An overview of the pitfalls of AI answers

Person looking at computer screen of AI answers. | Newsreel
AI-informed answers in search results feed of popular content, which may not be true. | Photo: Laurence Dutton (iStock)

Google’s new AI Overviews has demonstrated the risk of relying solely on artificial intelligence-informed information, as warnings surface the next wave of ChatGPT-like platforms will feed off incorrect information.

Writing in The Conversation, Professor Toby Walsh said AI Overviews, which was recently released, saved users clicking on links by using generative AI to provide summaries of the search results.

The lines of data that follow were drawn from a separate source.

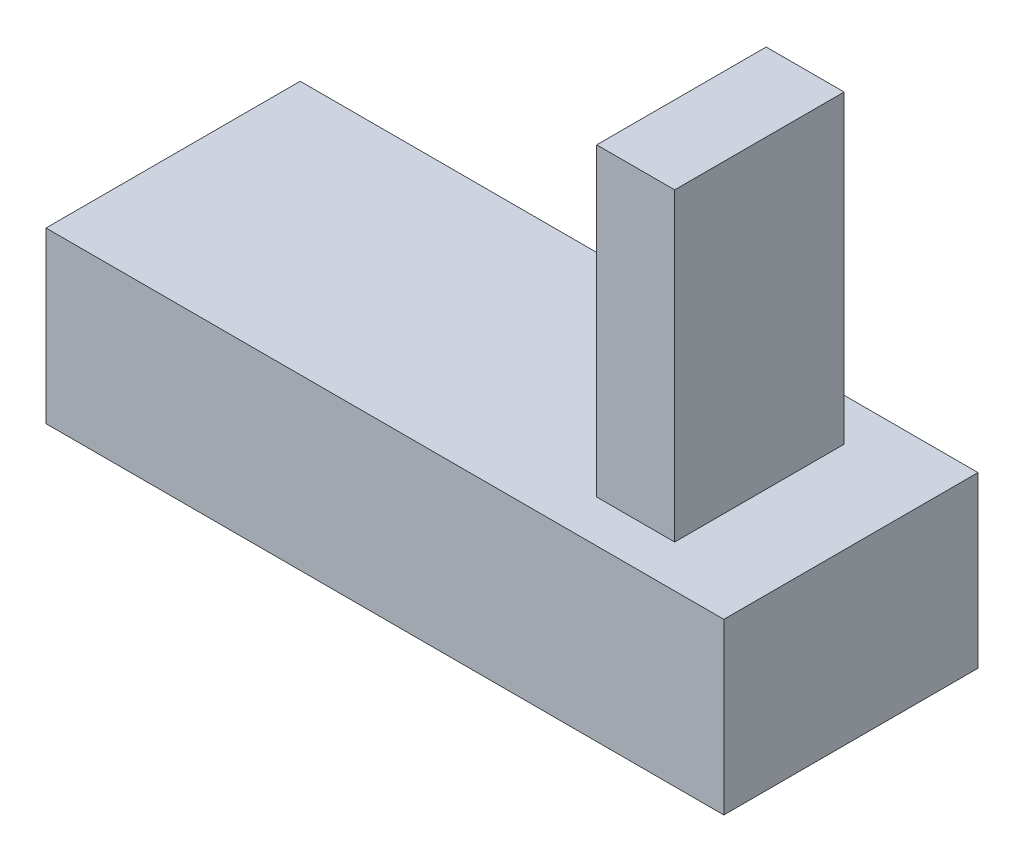
SolidWorks part; units mm, degrees
ref_plane "Спереди" through (0, 0, 0) normal (0, 0, 1) x (1, 0, 0)
ref_plane "Сверху" through (0, 0, 0) normal (0, 1, 0) x (1, 0, 0)
ref_plane "Справа" through (0, 0, 0) normal (1, 0, 0) x (0, 0, -1)
sketch "Sketch1" plane through (0, 0, 0) normal (0, 1, 0) x (1, 0, 0)
  line L1 (-20, -7.5) -> (20, -7.5)
  line L2 (-20, -7.5) -> (-20, 7.5)
  line L3 (-20, 7.5) -> (20, 7.5)
  line L4 (20, -7.5) -> (20, 7.5)
  line L5 (-20, -7.5) -> (20, 7.5) construction
  line L6 (-20, 7.5) -> (20, -7.5) construction
  point P0 (0, 0)
  dimension "D1" = 15
  dimension "D2" = 40
extrude "Boss-Extrude1" add sketch "Sketch1" along normal blind 10 contours L3 L4 L1 L2
sketch "Sketch2" plane through (0, 10, 0) normal (0, 1, 0) x (1, 0, 0)
  line L0 (-20, -7.5) -> (-20, 7.5) construction
  line L1 (10, -5) -> (14.6, -5)
  line L2 (10, -5) -> (10, 5)
  line L3 (10, 5) -> (14.6, 5)
  line L4 (14.6, -5) -> (14.6, 5)
  line L5 (10, -5) -> (14.6, 5) construction
  line L6 (10, 5) -> (14.6, -5) construction
  point P0 (12.3, 0)
  dimension "D1" = 10
  dimension "D2" = 4.6
  dimension "D3" = 30
extrude "Boss-Extrude2" add sketch "Sketch2" along normal blind 18
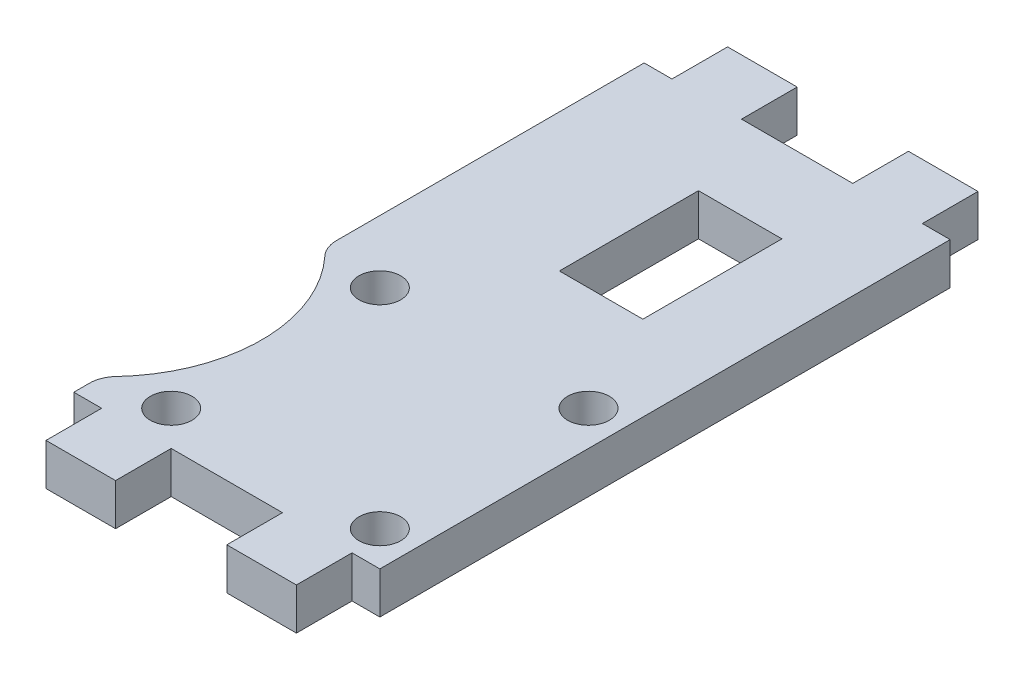
SolidWorks part; units mm, degrees
ref_plane "Front Plane" through (0, 0, 0) normal (0, 0, 1) x (1, 0, 0)
ref_plane "Top Plane" through (0, 0, 0) normal (0, 1, 0) x (1, 0, 0)
ref_plane "Right Plane" through (0, 0, 0) normal (1, 0, 0) x (0, 0, -1)
sketch "草图1" plane through (0, 0, 0) normal (0, 1, 0) x (1, 0, 0)
  line L1 (-11, -20.5) -> (11, -20.5)
  line L2 (-11, -20.5) -> (-11, 20.5)
  line L3 (-11, 20.5) -> (11, 20.5)
  line L4 (11, -20.5) -> (11, 20.5)
  line L5 (-11, -20.5) -> (11, 20.5) construction
  line L6 (-11, 20.5) -> (11, -20.5) construction
  point P0 (0, 0)
  dimension "D1" = 22
  dimension "D2" = 41
extrude "凸台-拉伸1" add sketch "草图1" along normal blind 3
sketch "草图2" plane through (0, 3, 0) normal (0, 1, 0) x (1, 0, 0)
  line L0 (0, 20.5) -> (0, -5.979) construction
  line L1 (11, 20.5) -> (-11, 20.5) construction
  line L2 (-11, 20.5) -> (-11, -20.5) construction
  line L3 (-9, 20.5) -> (-4, 20.5)
  line L4 (-9, 20.5) -> (-9, 24.5)
  line L5 (-9, 24.5) -> (-4, 24.5)
  line L6 (-4, 20.5) -> (-4, 24.5)
  line L7 (-9, 20.5) -> (-4, 24.5) construction
  line L8 (-9, 24.5) -> (-4, 20.5) construction
  line L9 (11, -20.5) -> (11, 20.5) construction
  line L10 (4, 20.5) -> (9, 20.5)
  line L11 (4, 20.5) -> (4, 24.5)
  line L12 (4, 24.5) -> (9, 24.5)
  line L13 (9, 20.5) -> (9, 24.5)
  line L14 (4, 20.5) -> (9, 24.5) construction
  line L15 (4, 24.5) -> (9, 20.5) construction
  line L16 (-23.7416, 0) -> (24.3621, 0) construction
  line L17 (4, -24.5) -> (9, -20.5) construction
  line L18 (4, -20.5) -> (9, -24.5) construction
  line L19 (-9, -24.5) -> (-4, -20.5) construction
  line L20 (-9, -20.5) -> (-4, -24.5) construction
  line L21 (9, -20.5) -> (9, -24.5)
  line L22 (4, -24.5) -> (9, -24.5)
  line L23 (4, -20.5) -> (4, -24.5)
  line L24 (4, -20.5) -> (9, -20.5)
  line L25 (-4, -20.5) -> (-4, -24.5)
  line L26 (-9, -24.5) -> (-4, -24.5)
  line L27 (-9, -20.5) -> (-9, -24.5)
  line L28 (-9, -20.5) -> (-4, -20.5)
  point P9 (-6.5, 22.5)
  point P16 (6.5, 22.5)
  point P29 (6.5, -22.5)
  point P30 (-6.5, -22.5)
  dimension "D1" = 4
  dimension "D2" = 5
  dimension "D3" = 2
  dimension "D4" = 5
  dimension "D5" = 2
  dimension "D6" = 4
extrude "凸台-拉伸2" add sketch "草图2" against normal up to surface (3 mm away) up to face at (0, 0, 0)
sketch "草图3" plane through (0, 0, 0) normal (0, -1, 0) x (1, 0, 0)
  line L1 (0.0563, -11.9) -> (3.7561, -11.9) construction
  line L2 (0.0563, -11.9) -> (0.0563, -7.1) construction
  line L3 (0.0563, -7.1) -> (3.7561, -7.1) construction
  line L4 (3.7561, -11.9) -> (3.7561, -7.1) construction
  line L5 (0.0563, -11.9) -> (3.7561, -7.1) construction
  line L6 (0.0563, -7.1) -> (3.7561, -11.9) construction
  line L7 (4.9062, -14.5) -> (-1.0938, -14.5)
  line L8 (4.9062, -14.5) -> (4.9062, -4.5)
  line L9 (4.9062, -4.5) -> (-1.0938, -4.5)
  line L10 (-1.0938, -14.5) -> (-1.0938, -4.5)
  line L11 (4.9062, -14.5) -> (-1.0938, -4.5) construction
  line L12 (4.9062, -4.5) -> (-1.0938, -14.5) construction
  point P4 (1.9062, -9.5)
  point P7 (1.9062, -9.5)
  dimension "D1" = 10
  dimension "D2" = 6
extrude "切除-拉伸1" cut sketch "草图3" against normal blind 10
sketch "草图4" plane through (0, 0, 0) normal (0, -1, 0) x (1, 0, 0)
  line L0 (-13.8792, 18) -> (13.9347, 18) construction
  line L1 (-11, 20.5) -> (-9, 20.5) construction
  line L3 (-6.5, 3) -> (-6.5, 18) construction
  line L4 (11, 20.5) -> (11, -20.5) construction
  circle A0 centre (-6.5, 18) radius 1.5
  circle A1 centre (8.5, 18) radius 1.5
  circle A2 centre (-6.5, 3) radius 1.5
  circle A3 centre (8.5, 3) radius 1.5
  dimension "D2" = 3
  dimension "D3" = 3
  dimension "D4" = 15
  dimension "D5" = 3
  dimension "D6" = 15
  dimension "D7" = 2.5
  dimension "D8" = 3
  dimension "D9" = 15
  dimension "D10" = 15
  dimension "D1" = 2.5
extrude "切除-拉伸2" cut sketch "草图4" against normal blind 10
sketch "草图5" plane through (0, 0, 0) normal (0, -1, 0) x (1, 0, 0)
  line L0 (-6.5, 3) -> (-6.5, 18) construction
  line L1 (-6.5, 10.5) -> (11.9339, 10.5) construction
  circle A0 centre (-18.5, 10.5) radius 11
  dimension "D1" = 22
  dimension "D2" = 12
extrude "切除-拉伸3" cut sketch "草图5" against normal blind 10
fillet "圆角1" radius 2 2 edges at (-11, 1.5, 2.4533) (-11, 1.5, 18.5467)

Professor Walsh, from UNSW Sydney, said while the tool could be helpful, if you asked a left-field question the results could be dangerous.

“Google is currently scrambling to fix these problems one by one, but it is a PR disaster for the search giant and a challenging game of whack-a-mole,” Professor Wals said.

He cited examples of AI Overviews telling users that “astronauts have met cats on the moon, played with them, and provided care”.

“More worryingly, it also recommends ‘you should eat at least one small rock per day’ as ‘rocks are a vital source of minerals and vitamins’, and suggests putting glue in pizza topping.”

Professor Walsh said the fundamental problem was that generative AI tools didn’t know what was true, just what was popular.

“For example, there aren’t a lot of articles on the web about eating rocks as it is so self-evidently a bad idea.

“There is, however, a well-read satirical article from The Onion about eating rocks. And so Google’s AI based its summary on what was popular, not what was true.”

He said another problem was that generative AI tools didn’t have human values and were trained on large areas of the internet.

“And while sophisticated techniques are used to eliminate the worst, it is unsurprising they reflect some of the biases, conspiracy theories and worse to be found on the web.”

Professor Walsh warned more problems were looming with the next generation of platforms.

“The second generation of large language models are likely and unintentionally being trained on some of the outputs of the first generation. And lots of AI startups are touting the benefits of training on synthetic, AI-generated data.

“But training on the exhaust fumes of current AI models risks amplifying even small biases and errors.”